How would you change the MDP representation of Section 13.3 to a POMDP? Take the simple robot problem and its Markov transition matrix created in Section 13.3.3 and change it into a POMDP. Think of using a probability matrix for the partially observable states.

Data from section 13.3

In Section 10.7 we first introduced reinforcement learning, where with reward reinforcement, an agent learns to take different sets of actions in an environment. The goal of the agent is to maximize its long-term reward. Generally speaking, the agent wants to learn a policy, or a mapping between reward states of the world and its own actions in the world.

To illustrate the concepts of reinforcement learning, we consider the example of a recycling robot (adapted from Sutton and Barto 1998). Consider a mobile robot whose job is to collect empty soda cans from business offices. The robot has a rechargeable battery. It is equipped with sensors to find cans as well as with an arm to collect them. We assume that the robot has a control system for interpreting sensory information, for navigating, and for moving its arm to collect the cans. The robot uses reinforcement learning, based on the current charge level of its battery, to search for cans. The agent must make one of three decisions:

1. The robot can actively search for a soda can during a certain time interval;

2. The robot can pause and wait for someone to bring it a can; or 3. The robot can return to the home base to recharge its batteries.

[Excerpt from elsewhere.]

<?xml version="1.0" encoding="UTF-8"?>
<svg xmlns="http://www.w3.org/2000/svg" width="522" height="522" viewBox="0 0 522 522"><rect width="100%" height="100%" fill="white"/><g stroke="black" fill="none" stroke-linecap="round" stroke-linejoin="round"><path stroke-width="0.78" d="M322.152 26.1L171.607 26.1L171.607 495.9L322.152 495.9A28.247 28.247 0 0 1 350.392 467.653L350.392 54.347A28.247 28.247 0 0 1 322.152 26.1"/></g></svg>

The robot makes decisions either in some fixed time period, or when an empty can is found, or when some other event occurs. Consequently, the robot has three actions while its state is being determined by the charge level of the battery. The reward is set to zero most of the time, it becomes positive once a can is collected, and the reward is negative if the the battery runs out of energy. Note that in this example the reinforcement-based learning agent is a part of the robot that monitors both the physical state of the robot as well as the situation (state) of its external environment: the robot-agent monitors both the state of the robot as well as its external environment.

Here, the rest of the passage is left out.